Your client's employment commenced on a date in the 20VV-WW income year and ceased on
a date in the 20YY-ZZ income year. Hence the 'years of service' to which the genuine redundancy payment relates is seven whole years of service.
Accordingly, the tax-free part of a genuine redundancy payment your client could receive in the 20YY-ZZ income year under subsection 83-175(3) of the ITAA 1997 is:
$9,514 + ($4,758 × c years) = $XX
As the payment of $x is below the tax-free amount of a genuine redundancy payment, the entire amount of the payment is the tax-free part of a genuine redundancy payment. This tax-free amount is non-assessable and non-exempt income under subsection 83-170(2) of the ITAA 1997.
Consequently the amount of $x is not required to be included in your client's income tax return for the 20YY-ZZ income year.

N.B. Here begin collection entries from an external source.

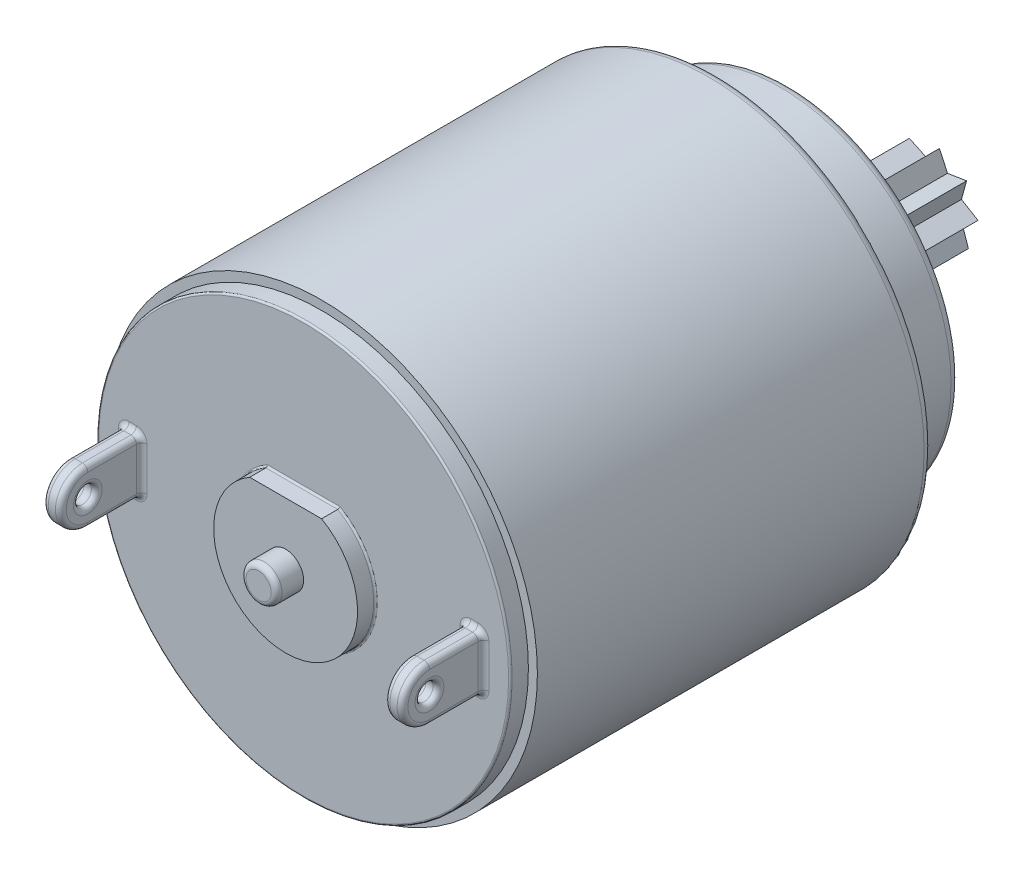
SolidWorks part; units mm, degrees
ref_plane "Спереди" through (0, 0, 0) normal (0, 0, 1) x (1, 0, 0)
ref_plane "Сверху" through (0, 0, 0) normal (0, 1, 0) x (1, 0, 0)
ref_plane "Справа" through (0, 0, 0) normal (1, 0, 0) x (0, 0, -1)
sketch "Эскиз1" plane through (0, 0, 0) normal (0, 0, 1) x (1, 0, 0)
  circle A0 centre (0, 0) radius 12
  dimension "D1" = 24
extrude "Бобышка-Вытянуть1" add sketch "Эскиз1" along normal blind 22
sketch "Эскиз2" plane through (0, 0, 22) normal (0, 0, 1) x (1, 0, 0)
  circle A0 centre (0, 0) radius 11.5
  dimension "D1" = 23
extrude "Бобышка-Вытянуть2" add sketch "Эскиз2" along normal blind 1
sketch "Эскиз3" plane through (0, 0, 23) normal (0, 0, 1) x (1, 0, 0)
  line L0 (-2, 3.4641) -> (2, 3.4641)
  arc A0 (-2, 3.4641) -> (2, 3.4641) centre (0, 0) ccw
  dimension "D2" = 4
extrude "Бобышка-Вытянуть3" add sketch "Эскиз3" along normal blind 1 contours L0 A0
sketch "Эскиз4" plane through (0, 0, 24) normal (0, 0, 1) x (1, 0, 0)
  circle A0 centre (0, 0) radius 1
  dimension "D1" = 2
extrude "Бобышка-Вытянуть4" add sketch "Эскиз4" along normal blind 1.5
sketch "Эскиз5" plane through (0, 0, 23) normal (0, 0, 1) x (1, 0, 0)
  line L0 (0, 12.6557) -> (0, -13.5005) construction
  line L1 (10, -1.5) -> (9, -1.5)
  line L2 (-10, 1.5) -> (-9, 1.5)
  line L3 (-10, 1.5) -> (-10, -1.5)
  line L4 (-10, -1.5) -> (-9, -1.5)
  line L5 (-9, 1.5) -> (-9, -1.5)
  line L6 (10, 1.5) -> (10, -1.5)
  line L7 (10, 1.5) -> (9, 1.5)
  line L8 (9, 1.5) -> (9, -1.5)
  dimension "D1" = 9
  dimension "D2" = 3
  dimension "D3" = 1
  dimension "D4" = 1.5
extrude "Бобышка-Вытянуть5" add sketch "Эскиз5" along normal blind 3
sketch "Эскиз6" plane through (10, 0, 0) normal (1, 0, 0) x (0, 0, -1)
  line L0 (-26, -1.5) -> (-26, 1.5) construction
  circle A0 centre (-26, 0) radius 1.5
extrude "Бобышка-Вытянуть6" add sketch "Эскиз6" against normal blind 1
sketch "Эскиз7" plane through (10, 0, 0) normal (1, 0, 0) x (0, 0, -1)
  circle A0 centre (-26, 0) radius 0.5
  dimension "D1" = 1
  dimension "D2" = 1.5
  dimension "D3" = 1.5
extrude "Вырез-Вытянуть1" cut sketch "Эскиз7" against normal blind 1
mirror "Зеркальное отражение5" about plane through (0, 0, 0) normal (1, 0, 0) of "Вырез-Вытянуть1", "Бобышка-Вытянуть6"
fillet "Скругление3" radius 0.3 24 edges at (9.5, -1.5, 23) (9.5, 1.5, 23) (-9.5, -1.5, 23) (-9.5, 1.5, 23) (9, 0, 23) (9, 1.5, 24.5) (9, 0, 27.5) (10, 0, 27.5) (9, -1.5, 24.5) (9, 0, 25.5) (10, 0, 23) (10, -1.5, 24.5) (10, 1.5, 24.5) (10, 0, 25.5) (-9, 1.5, 24.5) (-9, 0, 23) (-9, -1.5, 24.5) (-10, 0, 27.5) (-9, 0, 27.5) (-10, -1.5, 24.5) (-10, 0, 23) (-10, 1.5, 24.5) (-9, 0, 25.5) (-10, 0, 25.5)
fillet "Скругление4" radius 0.3 1 edges at (1, 0, 25.5)
fillet "Скругление5" radius 0.1 3 edges at (11.5, 0, 23) (0, -4, 23) (0, 3.4641, 23)
sketch "Эскиз8" plane through (0, 0, 0) normal (0, 0, -1) x (-1, 0, 0)
  circle A0 centre (0, 0) radius 9.5
  dimension "D1" = 19
extrude "Бобышка-Вытянуть7" add sketch "Эскиз8" along normal blind 4
sketch "Эскиз9" plane through (0, 0, -4) normal (0, 0, -1) x (-1, 0, 0)
  circle A0 centre (0, 0) radius 3
  dimension "D1" = 6
extrude "Бобышка-Вытянуть8" add sketch "Эскиз9" along normal blind 1
sketch "Эскиз10" plane through (0, 0, -5) normal (0, 0, -1) x (-1, 0, 0)
  circle A0 centre (0, 0) radius 1
  dimension "D1" = 2
extrude "Бобышка-Вытянуть9" add sketch "Эскиз10" along normal blind 7
sketch "Эскиз11" plane through (0, 0, -12) normal (0, 0, -1) x (-1, 0, 0)
  line L0 (-0.5124, -2.4469) -> (0.2422, -1.6861)
  line L9 (-0.8042, 1.5016) -> (-0.3554, 2.4746)
  line L19 (-0.3554, 2.4746) -> (0.3491, 1.6672)
  line L20 (0.3491, 1.6672) -> (1.3184, 2.1241)
  line L21 (1.3184, 2.1241) -> (1.3391, 1.0527)
  line L22 (2.3753, 0.7797) -> (1.3391, 1.0527)
  line L23 (1.7025, -0.0543) -> (2.3753, 0.7797)
  line L24 (1.7025, -0.0543) -> (2.3208, -0.9295)
  line L25 (2.3208, -0.9295) -> (1.2693, -1.1359)
  line L26 (1.2693, -1.1359) -> (1.1803, -2.2038)
  line L27 (1.1803, -2.2038) -> (0.2422, -1.6861)
  line L30 (-0.5124, -2.4469) -> (-0.8983, -1.4473)
  line L31 (-1.9654, -1.5451) -> (-0.8983, -1.4473)
  line L32 (-1.6184, -0.5313) -> (-1.9654, -1.5451)
  line L33 (-2.4987, 0.0797) -> (-1.6184, -0.5313)
  line L34 (-1.5813, 0.6333) -> (-2.4987, 0.0797)
  line L35 (-1.8629, 1.6672) -> (-1.5813, 0.6333)
  line L36 (-1.8629, 1.6672) -> (-0.8042, 1.5016)
extrude "Бобышка-Вытянуть10" add sketch "Эскиз11" against normal blind 4
fillet "Скругление6" radius 0.5 3 edges at (12, 0, 0) (9.5, 0, 0) (-9.5, 0, -4)

Further, it should be noted:
(a) as no amount of the genuine redundancy payment is excess of the tax-free amount there is no amount to be treated as the taxable component of an employment termination payment (ETP); and
(b) the 12 month rule, which relates to ETPs, does not apply to a genuine redundancy payment or an early retirement payment scheme payment (subsection 82-130(4) of the ITAA 1997).